Robert Adams / Near Peyton, Colorado, 1969
Robert Adams: 27 Roads, a tightly focused group of photographs spanning almost five decades, will be on view at Fraenkel Gallery through October 20, 2018. The road has been a central motif in the work of Robert Adams since the beginning of his life as a photographer, and 27 Roads is the first exhibition to focus on this fundamental aspect of his work. Whether concrete highways, quiet cuts through dark forests, paved commercial strips or dusty tracks on a clear cut mountainside, Adams’ roads serve as thoughtful metaphors for solitude, connection or freedom.

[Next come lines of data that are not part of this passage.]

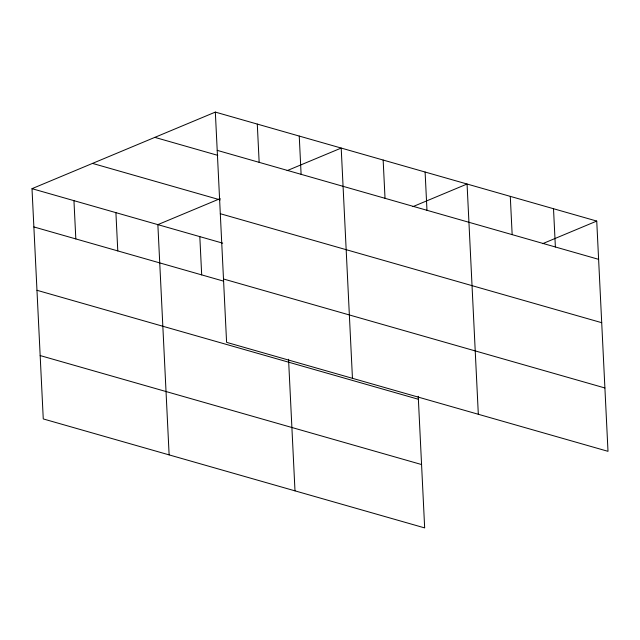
<?xml version="1.0" encoding="UTF-8"?>
<svg xmlns="http://www.w3.org/2000/svg" width="640" height="640" viewBox="0 0 640 640"><rect width="100%" height="100%" fill="white"/><g stroke="black" fill="none" stroke-linecap="round" stroke-linejoin="round"><path stroke-width="0.96" d="M418.232 396.296L424.664 527.904L43.264 418.928L32 188.672L215.336 112.096L596.736 221.072L608 451.328L226.592 342.352L215.336 112.096M220.2 198.6L157.864 224.632L169.128 454.888M287.112 170.648L341.2 148.064L352.456 378.312M412.976 206.616L467.064 184.024L478.32 414.272M542.656 243.664L596.736 221.072M217.208 150.36L598.608 259.336M154.832 137.368L217.768 155.352M92.504 163.4L220.272 199.912M220.304 213.72L601.712 322.696M32 188.672L222.704 243.16M223.496 278.992L604.904 387.968M33.872 226.936L223.624 281.152M36.968 290.288L418.376 399.264M40.16 355.568L421.568 464.544M553.512 208.728L555.384 246.984M510.288 196.376L512.16 234.632M425.104 172.032L426.976 210.296M383.152 160.048L385.024 198.312M299.24 136.072L301.112 174.336M288.552 359.248L294.992 490.848M257.288 124.088L259.16 162.344M199.816 236.624L201.688 274.88M115.912 212.648L117.784 250.912M73.952 200.664L75.824 238.92"/></g></svg>
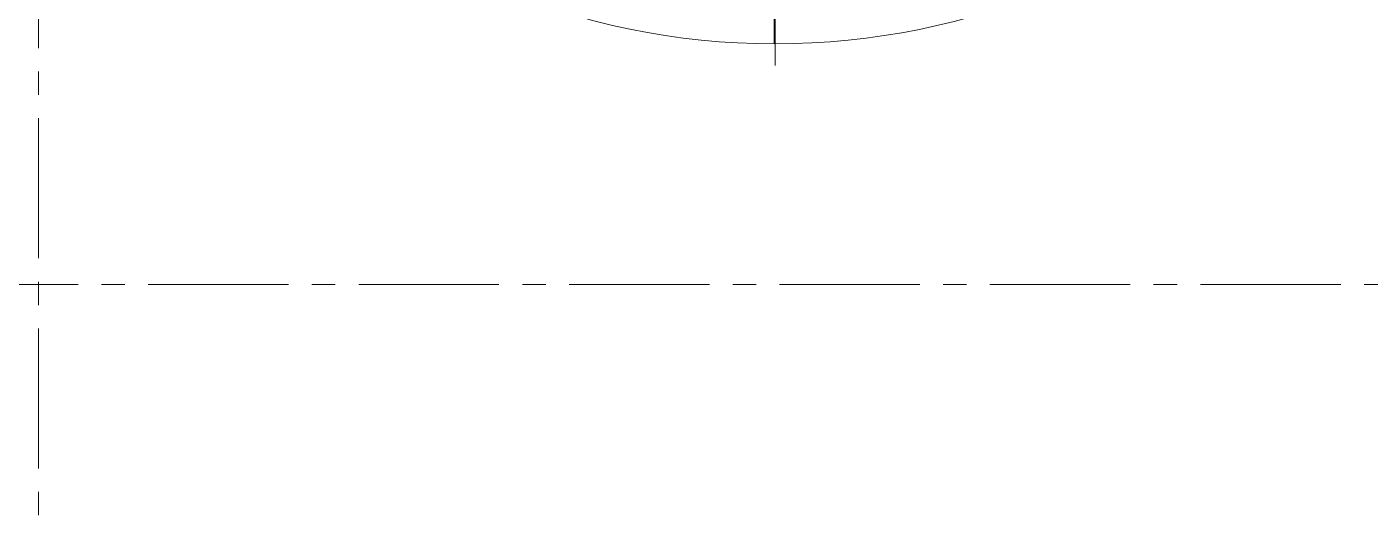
# Model space of a CAD drawing. Header units: millimetres. Extents: x 163705 to 1616509, y 81827 to 302547.
# Drawn here: x 1292919 to 1294743, y 142737 to 143410 of the extents above; entities that cross this region are included whole.
import ezdxf

# ---------------------------------------------------------------- set-up
doc = ezdxf.new("R2010")
doc.units = ezdxf.units.MM
doc.header["$LTSCALE"] = 10
doc.linetypes.add('CENTER2', pattern=[28.575000000000003, 19.05, -3.175, 3.175, -3.175])
doc.layers.add('1-中心线', color=1, linetype='CENTER2', lineweight=0)
doc.layers.add('1-设备轮廓', color=2, linetype='Continuous', lineweight=18)

# ---------------------------------------------------------------- blocks, each defined once
blk = doc.blocks.new('SW_CENTERMARKSYMBOL_13')
at = {"layer": '1-中心线'}
blk.add_line((0, -4.999999999999866), (0, -1002.5), dxfattribs=at)
blk = doc.blocks.new('LFHBF-LC1-00A_俯视图')
at = {"layer": '1-设备轮廓'}
for p, q in [((1002.5, 335.9826330473147), (1002.5, 383.9826330473147)), ((1003.551891891892, 335.9832016376927), (1003.5, 383.9831735880132))]:
    blk.add_line(p, q, dxfattribs=at)
for radius, start, end in [(973, 270.0619413953247, 270), (922.0000000000003, 20.30830432585196, 339.691695674148), (925.0000000000003, 180, 339.7604494845979)]:
    blk.add_arc((1002.5, 1308.982633047315), radius, start, end, dxfattribs=at)
at = {"layer": '1-中心线'}
blk.add_blockref('SW_CENTERMARKSYMBOL_13', (1002.5, 1308.982633047315), dxfattribs=at)

msp = doc.modelspace()

# ---------------------------------------------------------------- linework, layer by layer
at = {"layer": '1-中心线'}
for p, q in [((1292934.896026936, 151286.6532580949), (1292934.896026936, 142232.6102088764)), ((1247935.245692707, 143059.6317333492), (1299945.170868429, 143059.6317333492))]:
    msp.add_line(p, q, dxfattribs=at)

# ---------------------------------------------------------------- block references
at = {"xscale": -1}
msp.add_blockref('LFHBF-LC1-00A_俯视图', (1294937.384503346, 143050.6375769519), dxfattribs=at)

doc.saveas('drawing.dxf')
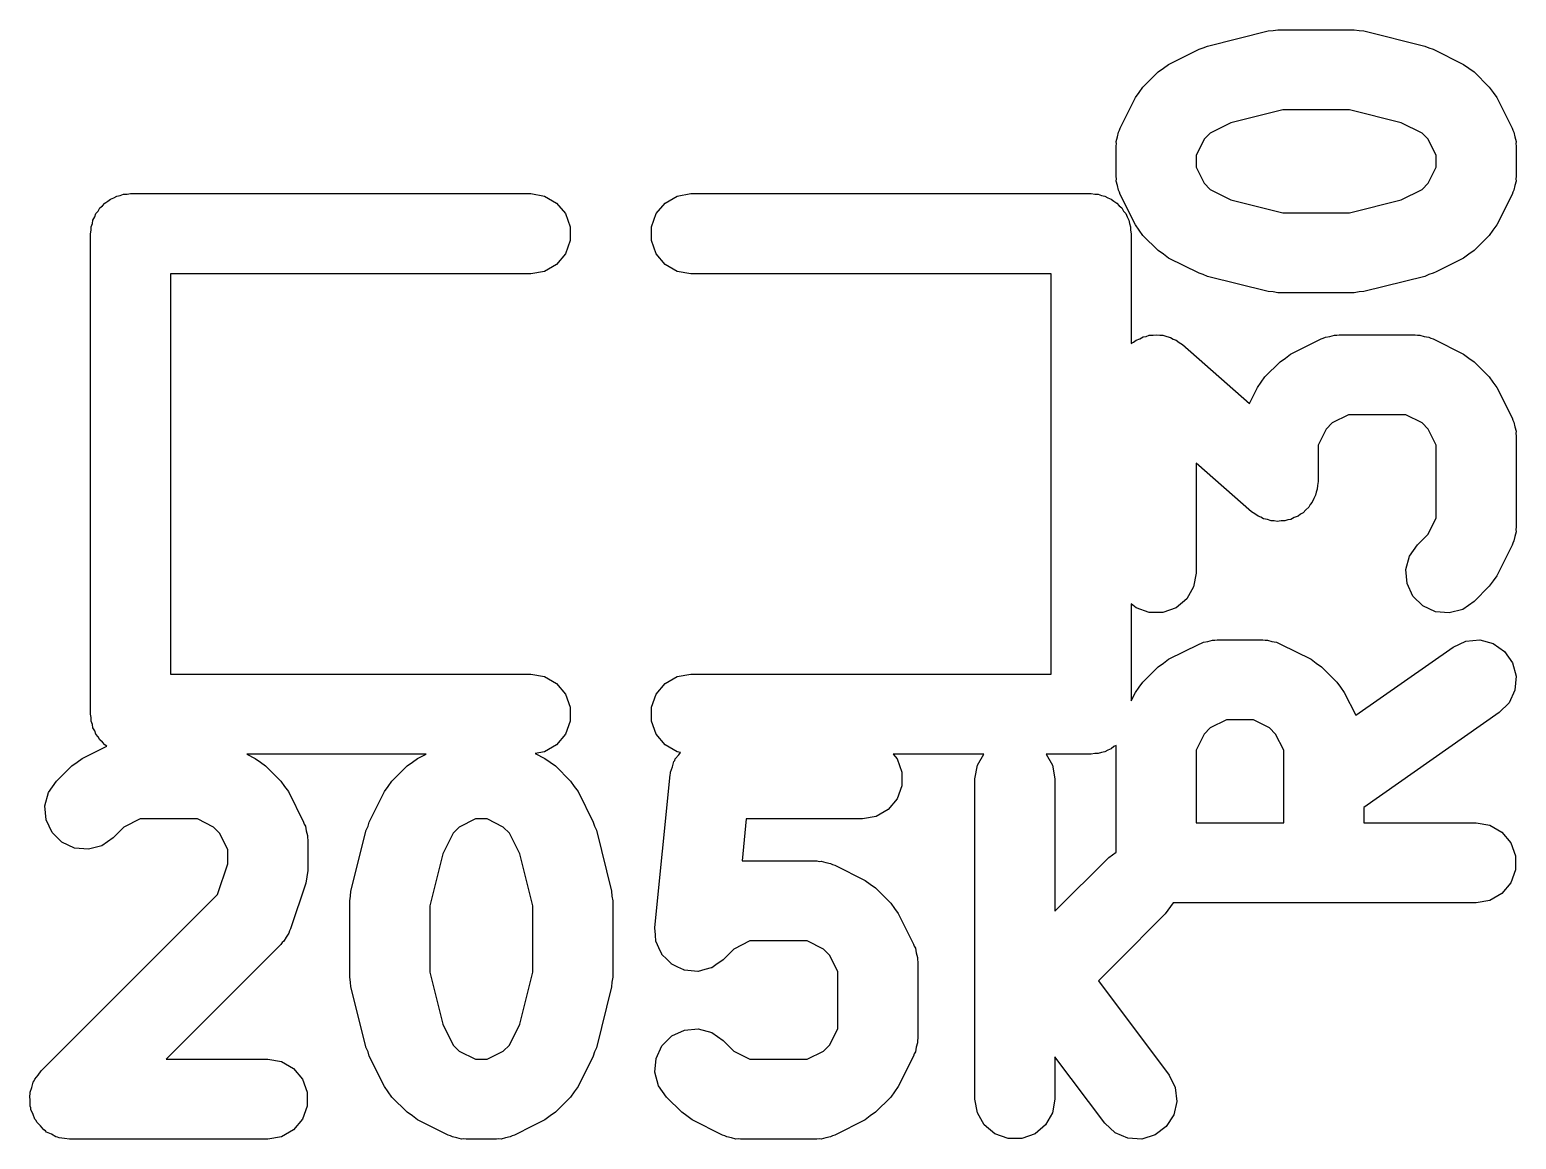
# Model space of a CAD drawing. Extents: x 51 to 137, y -158 to -25.
# Drawn here: x 93.312 to 95.67, y -87.171 to -85.412 of the extents above; entities that cross this region are included whole.
import ezdxf

# ---------------------------------------------------------------- set-up
doc = ezdxf.new("R2010")
doc.units = 0
doc.header["$MEASUREMENT"] = 0
doc.layers.add('BLACK', color=7, linetype='CONTINUOUS')

msp = doc.modelspace()

# ---------------------------------------------------------------- linework, layer by layer
at = {"layer": 'Black'}
for p, q in [((95.1802, -85.4377), (95.2769, -85.4135)), ((95.2769, -85.4135), (95.2847, -85.413)), ((95.2847, -85.413), (95.2923, -85.4117)), ((95.2923, -85.4117), (95.4133, -85.4117)), ((95.4133, -85.4117), (95.4209, -85.413)), ((95.4209, -85.413), (95.4287, -85.4135)), ((95.4287, -85.4135), (95.5254, -85.4377)), ((95.1672, -85.4425), (95.1738, -85.4406)), ((95.1738, -85.4406), (95.1802, -85.4377)), ((95.5254, -85.4377), (95.5318, -85.4406)), ((95.5318, -85.4406), (95.5384, -85.4425)), ((95.1188, -85.4667), (95.1672, -85.4425)), ((95.5384, -85.4425), (95.5868, -85.4667)), ((95.0781, -85.5028), (95.1023, -85.4786)), ((95.1023, -85.4786), (95.1106, -85.4728)), ((95.1106, -85.4728), (95.1188, -85.4667)), ((95.5868, -85.4667), (95.595, -85.4728)), ((95.595, -85.4728), (95.6033, -85.4786)), ((95.6033, -85.4786), (95.6275, -85.5028)), ((95.0662, -85.5193), (95.0723, -85.5112)), ((95.0723, -85.5112), (95.0781, -85.5028)), ((95.6275, -85.5028), (95.6334, -85.5112)), ((95.6334, -85.5112), (95.6394, -85.5193)), ((95.042, -85.5677), (95.0662, -85.5193)), ((95.6394, -85.5193), (95.6636, -85.5677)), ((95.3002, -85.5387), (95.2177, -85.5593)), ((95.4055, -85.5387), (95.3002, -85.5387)), ((95.4879, -85.5593), (95.4055, -85.5387)), ((95.0357, -85.5888), (95.0378, -85.5817)), ((95.0378, -85.5817), (95.0391, -85.5744)), ((95.0391, -85.5744), (95.041, -85.5712)), ((95.041, -85.5712), (95.042, -85.5677)), ((95.1848, -85.5757), (95.1752, -85.5853)), ((95.2177, -85.5593), (95.1848, -85.5757)), ((95.5208, -85.5757), (95.4879, -85.5593)), ((95.5304, -85.5853), (95.5208, -85.5757)), ((95.6636, -85.5677), (95.6646, -85.5712)), ((95.6646, -85.5712), (95.6665, -85.5744)), ((95.6665, -85.5744), (95.6678, -85.5817)), ((95.6678, -85.5817), (95.6699, -85.5888)), ((95.0353, -85.5961), (95.0359, -85.5925)), ((95.0353, -85.6445), (95.0353, -85.5961)), ((95.0359, -85.5925), (95.0357, -85.5888)), ((95.1752, -85.5853), (95.1623, -85.6111)), ((95.5433, -85.6111), (95.5304, -85.5853)), ((95.6699, -85.5888), (95.6697, -85.5925)), ((95.6697, -85.5925), (95.6703, -85.5961)), ((95.6703, -85.5961), (95.6703, -85.6445)), ((95.1623, -85.6111), (95.1623, -85.6295)), ((95.1623, -85.6295), (95.1752, -85.6553)), ((95.5304, -85.6553), (95.5433, -85.6295)), ((95.5433, -85.6295), (95.5433, -85.6111)), ((95.0359, -85.6481), (95.0353, -85.6445)), ((95.0357, -85.6517), (95.0359, -85.6481)), ((95.0378, -85.6589), (95.0357, -85.6517)), ((95.6699, -85.6517), (95.6678, -85.6589)), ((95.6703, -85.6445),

Robert Adams / Golden, Colorado, 1969
Robert Adams / Nebraska State Highway 2. Box Butte County, Nebraska, 1978
Robert Adams / Larimer County, Colorado, 1AM, moonlight, 1981
Robert Adams / Sally, Weld County, Colorado, 1983
Robert Adams, An Old Forest Road, 2013 / Eucalyptus alley, Riverside, California, 1978
Robert Adams / Along Federal Highway 287. North of Laporte, Larimer County, Colorado, 1977
The exhibition features photographs from Adams’ most well-known and treasured series dating from 1968 to 2013, including The New West, Denver, Prairie, From the Missouri West, California, Listening to the River, and An Old Forest Road. Over many years of exploring this theme, Adams has been drawn to writers who contemplate the symbolism of the road, and the potential of any neglected dirt road or byway to be a place of value. Among the poets who inspired Adams are Wendell Berry, who wrote in The Timbered Choir: “There is a day / when the road neither / comes nor goes, and the way / is not a way but a place.”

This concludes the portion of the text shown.